Having adopted two girls already, Donny and Sarah Mickow of Rochester wanted to add one more to their family.
In 2014 they adopted Olivia from China, knowing she would need a little extra care. Having the Mayo Clinic in their "backyard" put them at ease, but Olivia’s diagnosis requires a lot more than just frequent checkups and care.
This past December, Olivia was diagnosed with having a life-threatening interstitial lung disease. The specific type is still unknown.
"Her diagnosis on the paperwork was complex disease," said Sarah Mickow, Olivia’s mother. "We didn’t know exactly what it was, we just knew she was very small and that she had some different delays."
Her condition turned out to be more complicated than they expected.

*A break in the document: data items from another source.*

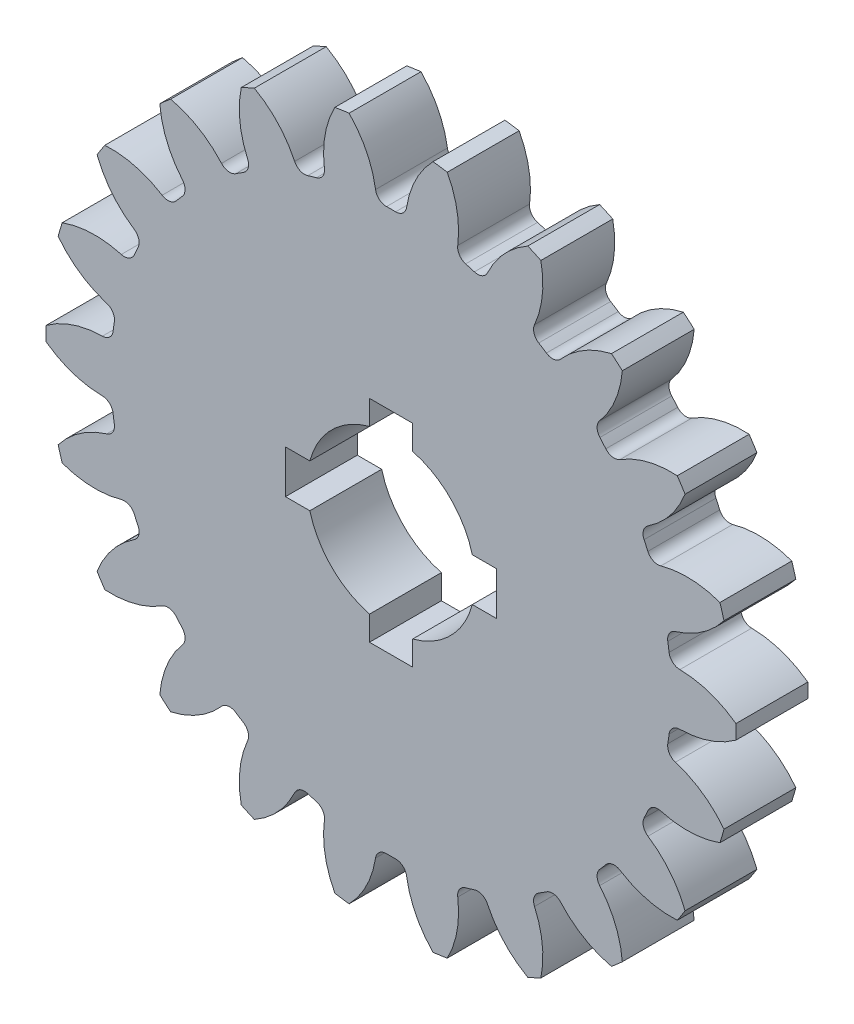
from build123d import *

# Parameters (mm, degrees)
SKETCH1_R                = 24
BOSS_EXTRUDE1_DEPTH      = 5
CUT_EXTRUDE1_DEPTH       = 10
FILLET2_R                = 0.76
CIRPATTERN2_COUNT        = 22
FILLET2_OF_CIRPATTERN2_R = 0.76
CUT_EXTRUDE2_DEPTH       = 5


with BuildPart() as part:
    # Sketch1 → Boss-Extrude1 (new body)
    with BuildSketch(Plane.XY):
        Circle(SKETCH1_R)
    extrude(amount=-BOSS_EXTRUDE1_DEPTH)

    # Sketch1<4> → Cut-Extrude1 (cut)
    with BuildSketch(Plane.XY):
        with BuildLine():
            ThreePointArc((-1.010850177, 19.473781911), (0, 19.5), (1.010850177, 19.473781911))
            ThreePointArc((1.010850177, 19.473781911), (1.567692055, 21.822368063), (2.919931026, 23.821712844))
            ThreePointArc((2.919931026, 23.821712844), (0, 24), (-2.919931026, 23.821712844))
            ThreePointArc((-2.919931026, 23.821712844), (-1.567692055, 21.822368063), (-1.010850177, 19.473781911))
        make_face()
    cut_extrude1 = extrude(amount=-CUT_EXTRUDE1_DEPTH, mode=Mode.SUBTRACT)

    # Fillet2
    fillet2_edges = [part.edges().sort_by_distance(p)[0] for p in [
        (1.010850177, 19.473781911, -2.5),
        (-1.010850177, 19.473781911, -2.5),
    ]]
    fillet(fillet2_edges, radius=FILLET2_R)

    # CirPattern2: Cut-Extrude1 ×22 about axis
    cirpattern2_axis = Axis((0, 0, 0), (0, 0, 1))
    for i in range(1, CIRPATTERN2_COUNT):
        add(cut_extrude1.rotate(cirpattern2_axis, i * 360 / CIRPATTERN2_COUNT), mode=Mode.SUBTRACT)

    # Fillet2 of CirPattern2
    fillet2_of_cirpattern2_edges = [part.edges().sort_by_distance(p)[0] for p in [
        (-4.516494727, 18.969746318, -2.5),
        (-6.456302011, 18.400167508, -2.5),
        (-9.677940089, 16.928894696, -2.5),
        (-11.378702654, 15.835880964, -2.5),
        (-14.055336302, 13.516564706, -2.5),
        (-15.379268479, 11.988665524, -2.5),
        (-17.294052757, 9.009203029, -2.5),
        (-18.133897436, 7.170199702, -2.5),
        (-19.131707911, 3.771969303, -2.5),
        (-19.41942587, 1.770846944, -2.5),
        (-19.41942587, -1.770846944, -2.5),
        (-19.131707911, -3.771969303, -2.5),
        (-18.133897436, -7.170199702, -2.5),
        (-17.294052757, -9.009203029, -2.5),
        (-15.379268479, -11.988665524, -2.5),
        (-14.055336302, -13.516564706, -2.5),
        (-11.378702654, -15.835880964, -2.5),
        (-9.677940089, -16.928894696, -2.5),
        (-6.456302011, -18.400167508, -2.5),
        (-4.516494727, -18.969746318, -2.5),
        (-1.010850177, -19.473781911, -2.5),
        (1.010850177, -19.473781911, -2.5),
        (4.516494727, -18.969746318, -2.5),
        (6.456302011, -18.400167508, -2.5),
        (9.677940089, -16.928894696, -2.5),
        (11.378702654, -15.835880964, -2.5),
        (14.055336302, -13.516564706, -2.5),
        (15.379268479, -11.988665524, -2.5),
        (17.294052757, -9.009203029, -2.5),
        (18.133897436, -7.170199702, -2.5),
        (19.131707911, -3.771969303, -2.5),
        (19.41942587, -1.770846944, -2.5),
        (19.41942587, 1.770846944, -2.5),
        (19.131707911, 3.771969303, -2.5),
        (18.133897436, 7.170199702, -2.5),
        (17.294052757, 9.009203029, -2.5),
        (15.379268479, 11.988665524, -2.5),
        (14.055336302, 13.516564706, -2.5),
        (11.378702654, 15.835880964, -2.5),
        (9.677940089, 16.928894696, -2.5),
        (6.456302011, 18.400167508, -2.5),
        (4.516494727, 18.969746318, -2.5),
    ]]
    fillet(fillet2_of_cirpattern2_edges, radius=FILLET2_OF_CIRPATTERN2_R)

    # Sketch2 → Cut-Extrude2 (cut)
    with BuildSketch(Plane.XY):
        with BuildLine():
            Line((-1.5, 5.652839314), (-1.5, 7.348469228))
            Line((-1.5, 7.348469228), (1.5, 7.348469228))
            Line((1.5, 7.348469228), (1.5, 5.652839314))
            ThreePointArc((1.5, 5.652839314), (4.135492251, 4.135492251), (5.652839314, 1.5))
            Line((5.652839314, 1.5), (7.348469228, 1.5))
            Line((7.348469228, 1.5), (7.348469228, -1.5))
            Line((7.348469228, -1.5), (5.652839314, -1.5))
            ThreePointArc((5.652839314, -1.5), (4.135492251, -4.135492251), (1.5, -5.652839314))
            Line((1.5, -5.652839314), (1.5, -7.348469228))
            Line((1.5, -7.348469228), (-1.5, -7.348469228))
            Line((-1.5, -7.348469228), (-1.5, -5.652839314))
            ThreePointArc((-1.5, -5.652839314), (-4.135492251, -4.135492251), (-5.652839314, -1.5))
            Line((-5.652839314, -1.5), (-7.348469228, -1.5))
            Line((-7.348469228, -1.5), (-7.348469228, 1.5))
            Line((-7.348469228, 1.5), (-5.652839314, 1.5))
            ThreePointArc((-5.652839314, 1.5), (-4.135492251, 4.135492251), (-1.5, 5.652839314))
        make_face()
    extrude(amount=-CUT_EXTRUDE2_DEPTH, mode=Mode.SUBTRACT)


solid = part.part

"It became apparent that she had some problems breathing and over the next year we discovered that she had some severe lung disease," said Mickow. "We know that her lungs are scarred and that’s not a situation that’s going to recover."
Olivia is now relying on oxygen 24 hours a day to breathe. It comes from a portable liquid oxygen canister carried in a special backpack.
"We had this especially made for her," said Mickow. "A friend of a work colleague, who’s a very good seamstress, adapted a regular backpack so that we could fit her oxygen in and have the cannula going through the top. It works really well for her right now."
While it gets her though the day, the portable liquid tank needs to be re-filled every six hours from a large non-portable reservoir at home.
This means the family can’t go very far without renting an expensive piece of equipment, which is why they need help.
Even without that device, mom says Olivia is a fighter.
"She’s taught us so much about what’s important in life, about the value of life, about resilience. She has overcome so many obstacles and she continue to fight to have a good life."
On Saturday, July 21st there will be a pancake breakfast at Emmanuel Baptist Church, 2911 18th Avenue NW in Rochester from 8:30-11 a.m.
The goals is to raise money for a portable oxygen concentrator, which can cost up to $3,000 and is not covered by insurance.